«Жажда» революции в России, о которой Чернышевский писал в дневнике 20 января 1850 г., не могла вызывать в кружке Введенского, насколько нам известны политические взгляды его участников, адекватных чувств и мыслей. Зашедший однажды разговор «о перевороте у нас» возник лишь в узком кругу (Введенский, Минаев, Билярский, Чернышевский – I, 371), но ни один из собеседников Чернышевского отнюдь не придерживался взглядов, о которых тот писал в дневнике за пять месяцев до этого разговора. Даже Введенский, которого Чернышевский ставил выше всех в кружке, не мог без оговорок принять радикализм высказываний его юного друга. Вот что сообщал А. А. Чумиков, отвечая М. П. Погодину и другим обвинителям Введенского в связях с Петрашевским, «в безнравственности и безбожии»: «Пишущий эти строки был довольно близко знаком с И. И. Введенским, но кроме либерализма 1840-х годов и вполне естественной реакции против мракобесия, наступившего после 1848 г., никаких «правил безнравственности и безбожия» в нём не примечал. Таким либерализмом как Введенский в большей или меньшей степени была заражена вся интеллигентная молодёжь того времени, проникнутая тенденциями Белинского».[495]

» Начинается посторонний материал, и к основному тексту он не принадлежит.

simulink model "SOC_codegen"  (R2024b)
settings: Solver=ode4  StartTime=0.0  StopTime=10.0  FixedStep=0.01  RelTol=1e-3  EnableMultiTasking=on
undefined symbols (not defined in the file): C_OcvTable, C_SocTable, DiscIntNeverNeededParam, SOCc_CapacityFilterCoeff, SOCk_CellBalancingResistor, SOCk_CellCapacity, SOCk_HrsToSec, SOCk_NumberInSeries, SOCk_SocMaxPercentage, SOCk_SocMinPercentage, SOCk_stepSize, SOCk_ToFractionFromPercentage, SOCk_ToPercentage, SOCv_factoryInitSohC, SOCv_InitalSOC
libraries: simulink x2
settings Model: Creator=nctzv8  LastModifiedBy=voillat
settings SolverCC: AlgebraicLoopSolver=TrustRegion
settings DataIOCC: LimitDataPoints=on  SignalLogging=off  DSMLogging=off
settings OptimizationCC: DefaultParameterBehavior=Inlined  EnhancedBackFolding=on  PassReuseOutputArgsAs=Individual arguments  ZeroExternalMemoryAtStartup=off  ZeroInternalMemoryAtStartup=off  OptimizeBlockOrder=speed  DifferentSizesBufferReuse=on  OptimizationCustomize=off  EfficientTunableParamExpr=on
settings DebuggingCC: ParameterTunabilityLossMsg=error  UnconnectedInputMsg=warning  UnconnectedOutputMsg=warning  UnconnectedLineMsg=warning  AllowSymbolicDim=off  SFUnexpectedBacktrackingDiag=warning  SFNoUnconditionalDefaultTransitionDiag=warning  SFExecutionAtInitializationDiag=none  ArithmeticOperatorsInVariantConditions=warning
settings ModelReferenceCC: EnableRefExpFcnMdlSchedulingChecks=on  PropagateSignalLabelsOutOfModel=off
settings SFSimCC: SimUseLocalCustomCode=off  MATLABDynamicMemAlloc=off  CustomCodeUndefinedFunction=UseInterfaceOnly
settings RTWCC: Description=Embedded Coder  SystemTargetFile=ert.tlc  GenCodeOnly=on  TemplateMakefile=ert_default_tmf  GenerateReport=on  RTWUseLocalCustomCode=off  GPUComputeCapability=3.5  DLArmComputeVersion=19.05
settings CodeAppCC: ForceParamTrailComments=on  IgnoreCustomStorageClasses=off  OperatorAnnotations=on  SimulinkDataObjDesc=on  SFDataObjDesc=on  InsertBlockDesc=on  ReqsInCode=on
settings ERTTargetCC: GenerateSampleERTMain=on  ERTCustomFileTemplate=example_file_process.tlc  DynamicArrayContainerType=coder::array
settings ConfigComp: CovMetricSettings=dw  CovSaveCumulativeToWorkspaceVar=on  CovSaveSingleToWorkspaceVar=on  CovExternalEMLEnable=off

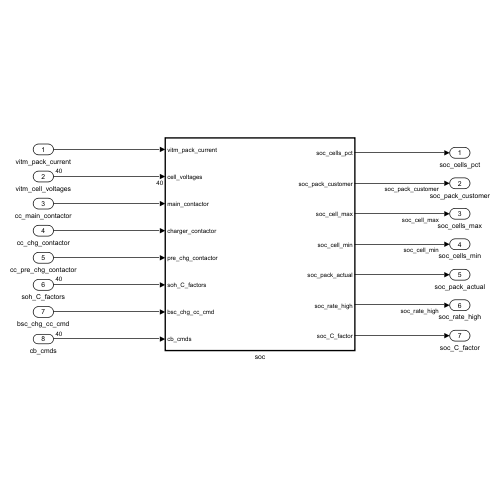
[thumbnail: Simulink's stored preview of the top-level diagram]
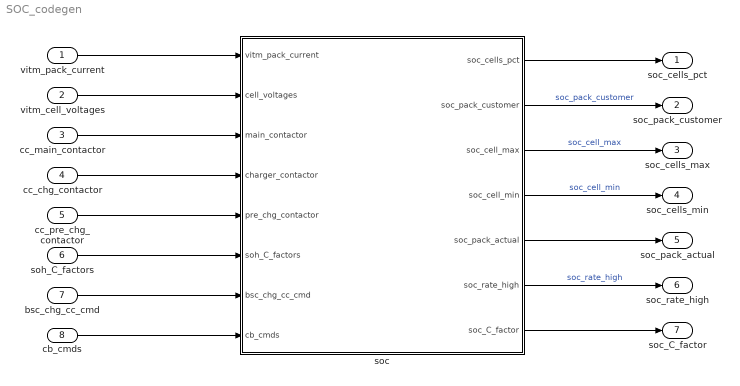
== system SOC_codegen ==
  vitm_pack_current : Inport
  vitm_cell_voltages : Inport  Port=2  PortDimensions=40
  cc_main_contactor : Inport  Port=3
  cc_chg_contactor : Inport  Port=4
  cc_pre_chg_contactor : Inport  Port=5
  soh_C_factors : Inport  Port=6  PortDimensions=40
  bsc_chg_cc_cmd : Inport  Port=7
  cb_cmds : Inport  Port=8  OutDataTypeStr=boolean  PortDimensions=40
  soc : Subsystem  TreatAsAtomicUnit=on
  soc_cells_pct : Outport
  soc_pack_customer : Outport  Port=2
  soc_cells_max : Outport  Port=3
  soc_cells_min : Outport  Port=4
  soc_pack_actual : Outport  Port=5
  soc_rate_high : Outport  Port=6
  soc_C_factor : Outport  Port=7  InitialOutput=ones(40,1)
  wires:
  vitm_pack_current/1 -> soc/1(vitm_pack_current)
  vitm_cell_voltages/1 -> soc/2(cell_voltages)
  cc_main_contactor/1 -> soc/3(main_contactor)
  cc_pre_chg_contactor/1 -> soc/5(pre_chg_contactor)
  soc/1(soc_cells_pct) -> soc_cells_pct/1
  soc/2(soc_pack_customer) -> soc_pack_customer/1  "soc_pack_customer"
  soc/3(soc_cell_max) -> soc_cells_max/1  "soc_cell_max"
  soc/4(soc_cell_min) -> soc_cells_min/1  "soc_cell_min"
  soc/5(soc_pack_actual) -> soc_pack_actual/1
  soc/6(soc_rate_high) -> soc_rate_high/1  "soc_rate_high"
  cc_chg_contactor/1 -> soc/4(charger_contactor)
  soh_C_factors/1 -> soc/6(soh_C_factors)
  soc/7(soc_C_factor) -> soc_C_factor/1
  bsc_chg_cc_cmd/1 -> soc/7(bsc_chg_cc_cmd)
  cb_cmds/1 -> soc/8(cb_cmds)

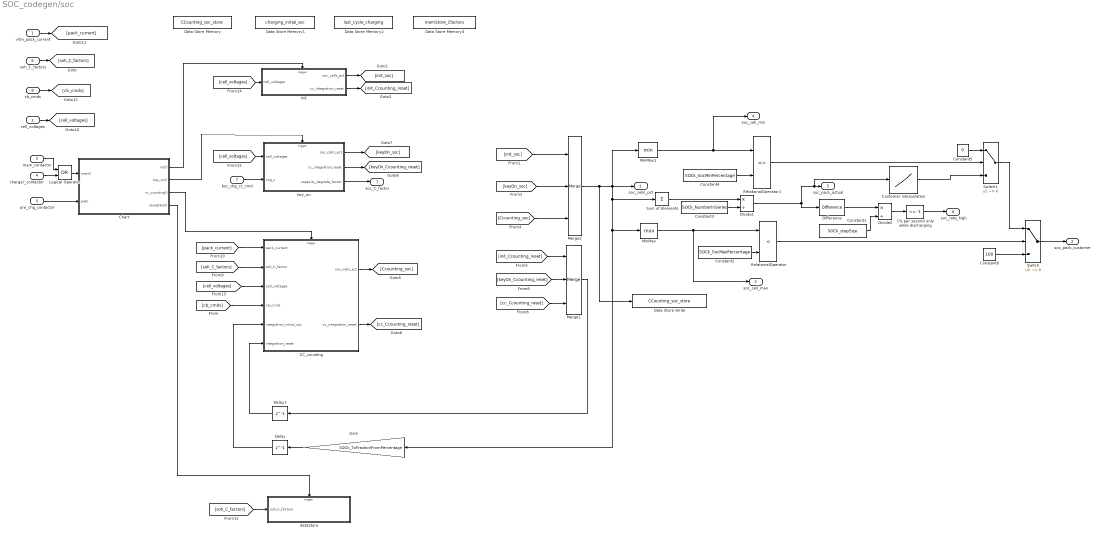
== system SOC_codegen/soc ==
  vitm_pack_current : Inport
  cell_voltages : Inport  Port=2  PortDimensions=40
  main_contactor : Inport  Port=3
  charger_contactor : Inport  Port=4
  pre_chg_contactor : Inport  Port=5
  soh_C_factors : Inport  Port=6
  bsc_chg_cc_cmd : Inport  Port=7
  cb_cmds : Inport  Port=8
  1% per second only while discharging : simulink/Logic and Bit Operations/Compare To Constant  relop=<=  const=-1  OutDataTypeStr=boolean
  CC_counting : Subsystem
  Chart : Stateflow chart  TreatAsAtomicUnit=on
  Constant1 : Constant  Value=SOCk_stepSize  SampleTime=-1
  Constant2 : Constant  Value=SOCk_SocMaxPercentage
  Constant3 : Constant  Value=SOCk_NumberInSeries
  Constant4 : Constant  Value=SOCk_SocMinPercentage
  Constant5 : Constant  Value=0
  Constant6 : Constant  Value=100
  Customer interpolation : Lookup_n-D  NumberOfTableDimensions=1  BreakpointsForDimension1=[SOCk_SocMinPercentage SOCk_SocMaxPercentage]  Table=[0 100]  InternalRulePriority=Speed  RndMeth=Simplest
  Data Store Memory : DataStoreMemory  DataStoreName=CCounting_soc_store  ReadBeforeWriteMsg=warning  WriteAfterWriteMsg=warning  WriteAfterReadMsg=warning  InitialValue=SOCv_InitalSOC  ShowAdditionalParam=off
  Data Store Memory1 : DataStoreMemory  DataStoreName=charging_initial_soc  ReadBeforeWriteMsg=warning  WriteAfterWriteMsg=warning  WriteAfterReadMsg=warning  InitialValue=SOCv_InitalSOC  ShowAdditionalParam=off
  Data Store Memory2 : DataStoreMemory  DataStoreName=last_cycle_charging  ReadBeforeWriteMsg=warning  WriteAfterWriteMsg=warning  WriteAfterReadMsg=warning  ShowAdditionalParam=off
  Data Store Memory3 : DataStoreMemory  DataStoreName=memStore_Cfactors  ReadBeforeWriteMsg=warning  WriteAfterWriteMsg=warning  WriteAfterReadMsg=warning  InitialValue=SOCv_factoryInitSohC  ShowAdditionalParam=off
  Data Store Write : DataStoreWrite  DataStoreName=CCounting_soc_store  IndexOptions=Index vector (dialog)  Indices=1  OutputSizes=1
  Delay : Delay  DelayLength=1  InitialCondition=SOCv_InitalSOC
  Delay1 : Delay  DelayLength=1  InitialCondition=0
  Difference : simulink/Discrete/Difference  ICPrevInput=0.0  OutMin=[]  OutMax=[]  OutDataType=fixdt(1, 16)  OutScaling=2^-10  DoSatur=off
  Divide1 : Product  Inputs=*/
  Divide2 : Product  Inputs=*/
  Gain : Gain  Gain=SOCk_ToFractionFromPercentage
  Init : Subsystem
  Logical Operator : Logic  Operator=OR  AllPortsSameDT=off  OutDataTypeStr=boolean
  Merge1 : Merge  Inputs=3
  Merge2 : Merge  Inputs=3
  MinMax : MinMax  Function=max
  MinMax1 : MinMax
  RelationalOperator : RelationalOperator  Operator=<  OutDataTypeStr=boolean  InputSameDT=off
  RelationalOperator1 : RelationalOperator  Operator=<=  OutDataTypeStr=boolean  InputSameDT=off
  Sum of Elements : Sum  Inputs=+
  Switch : Switch  Criteria=u2 ~= 0  SaturateOnIntegerOverflow=off  InputSameDT=off
  Switch1 : Switch  Criteria=u2 ~= 0  SaturateOnIntegerOverflow=off  InputSameDT=off
  dataStore : Subsystem
  key_on : Subsystem
  soc_cells_pct : Outport
  soc_pack_customer : Outport  Port=2
  soc_cell_max : Outport  Port=3
  soc_cell_min : Outport  Port=4
  soc_pack_actual : Outport  Port=5
  soc_rate_high : Outport  Port=6
  soc_C_factor : Outport  Port=7
  wires:
  Switch/1 -> soc_pack_customer/1
  Customer interpolation/1 -> Switch1/3
  Constant1/1 -> Divide2/2
  Difference/1 -> Divide2/1
  Divide2/1 -> 1% per second only while discharging/1
  key_on/3(capacity_degrade_factor) -> soc_C_factor/1
  [cell_voltages] -> key_on/1(cell_voltages)
  [cell_voltages] -> Init/1(cell_voltages)
  cell_voltages/1 -> [cell_voltages]
  [cell_voltages] -> CC_counting/3(cell_voltages)
  [cb_cmds] -> CC_counting/4(cb_cmds)
  cb_cmds/1 -> [cb_cmds]
  [soh_C_factors] -> dataStore/1(soh_C_factors)
  Chart/4(saveData()) -> dataStore/Trigger
  [pack_current] -> CC_counting/1(pack_current)
  bsc_chg_cc_cmd/1 -> key_on/2(chg_c)
  soh_C_factors/1 -> [soh_C_factors]
  [soh_C_factors] -> CC_counting/2("soh_C_factor ")
  [cc_Ccounting_reset] -> Merge1/3
  [keyOn_Ccounting_reset] -> Merge1/2
  [init_Ccounting_reset] -> Merge1/1
  [Ccounting_soc] -> Merge2/3
  [keyOn_soc] -> Merge2/2
  [init_soc] -> Merge2/1
  key_on/2(cc_integration_reset) -> [keyOn_Ccounting_reset]
  key_on/1(soc_cells_pct) -> [keyOn_soc]
  CC_counting/2(cc_integration_reset) -> [cc_Ccounting_reset]
  CC_counting/1(soc_cells_pct) -> [Ccounting_soc]
  Init/2(cc_integration_reset) -> [init_Ccounting_reset]
  Init/1(soc_cells_pct) -> [init_soc]
  charger_contactor/1 -> Logical Operator/2
  main_contactor/1 -> Logical Operator/1
  Logical Operator/1 -> Chart/1(mainC)
  Delay1/1 -> CC_counting/6(integration_reset)
  Merge1/1 -> Delay1/1
  Gain/1 -> Delay/1
  Delay/1 -> CC_counting/5(integration_initial_soc)
  Chart/2(key_on()) -> key_on/Trigger
  Merge2/1 -> MinMax1/1, Sum of Elements/1, MinMax/1, Gain/1, soc_cells_pct/1, Data Store Write/1
  1% per second only while discharging/1 -> soc_rate_high/1
  pre_chg_contactor/1 -> Chart/2(preC)
  Chart/1(init()) -> Init/Trigger
  vitm_pack_current/1 -> [pack_current]
  Sum of Elements/1 -> Divide1/1
  Constant4/1 -> RelationalOperator1/2
  RelationalOperator/1 -> Switch/2
  Divide1/1 -> soc_pack_actual/1, Customer interpolation/1, Difference/1
  MinMax/1 -> RelationalOperator/1, soc_cell_max/1
  RelationalOperator1/1 -> Switch1/2
  Switch1/1 -> Switch/1
  Chart/3(cc_counting()) -> CC_counting/Trigger
  Constant2/1 -> RelationalOperator/2
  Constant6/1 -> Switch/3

О непоследовательности Введенского в защите передовых взглядов на задачи обучения в военно-учебных заведениях, когда, случалось, Иринарх Иванович «вторил Ростовцеву во всём», писал В. П. Лободовский.[496] Сообщаемые мемуаристами характеристики имеют силу даже при учете позднейшей эволюции авторов воспоминаний в сторону правомерного либерализма. Необходимо учитывать и признание Чернышевского, сделанное им невесте в 1853 г. «Я уверял, – записывал Чернышевский диалог с Ольгой Сократовной, – что привязан к весьма немногим, и, между прочим, в Саратове ни к кому – что и правда, – что мне только люди милы за свои мнения и свои качества». «А в Петербурге, – сказала она, – вы не любите никого? Например, Введенского?» – «Вовсе не думаю, чтобы отношения наши с ним были так коротки» (I, 509). Таким образом, несмотря на огромное уважение к Введенскому и признание его роли в своём духовном развитии, всё же полного его согласия со своими взглядами Чернышевский не отмечал. В воспоминаниях Н. Д. Новицкого, одного из участников кружка Введенского, содержится подробность, говорящая, что глава кружка был вполне осведомлён о крайностях в политических убеждениях Чернышевского. «Смело можно предсказать, – говорил Иринарх Иванович о Чернышевском, – что этот даровитый человек должен в будущем занять видное место в нашей литературе, разве…»[497] За этим «разве» первому публикатору воспоминаний Н. Д. Новицкого Е. А. Ляцкому вполне резонно увиделось распознание в натуре Чернышевского «каких-либо черт, внушавших ему опасение за судьбу» его.[498]Известен и другой рассказ современника, показывающий, насколько откровенен был Чернышевский в то время в своих политических высказываниях. «Чернышевский, будучи ещё студентом, – доносил агент III отделения в 1862 г., – всегда большею частию в обществе молчал, но если говорил, то дельно. Однажды у Введенского на вечере жена последнего читала вслух страдания семейства Людовика XVI и прослезилась. „Странная вы женщина, – сказал Чернышевский, – вчера вы плакали об овечках, съеденных волком, сегодня – о волке, поевшем этих овец”. За это изречение его прозвали Сен-Жюстом, и прозвание это он сохранял долгое время, оно помнится ещё близким к семейству Введенских».[499]
Свидетельство, характерное для уяснения сопоставительной разницы во взглядах, которую ощущали члены кружка. Само имя якобинца Сен-Жюста, активного деятеля Французской революции, говорило об исключительности положения Чернышевского в гостиной Введенских.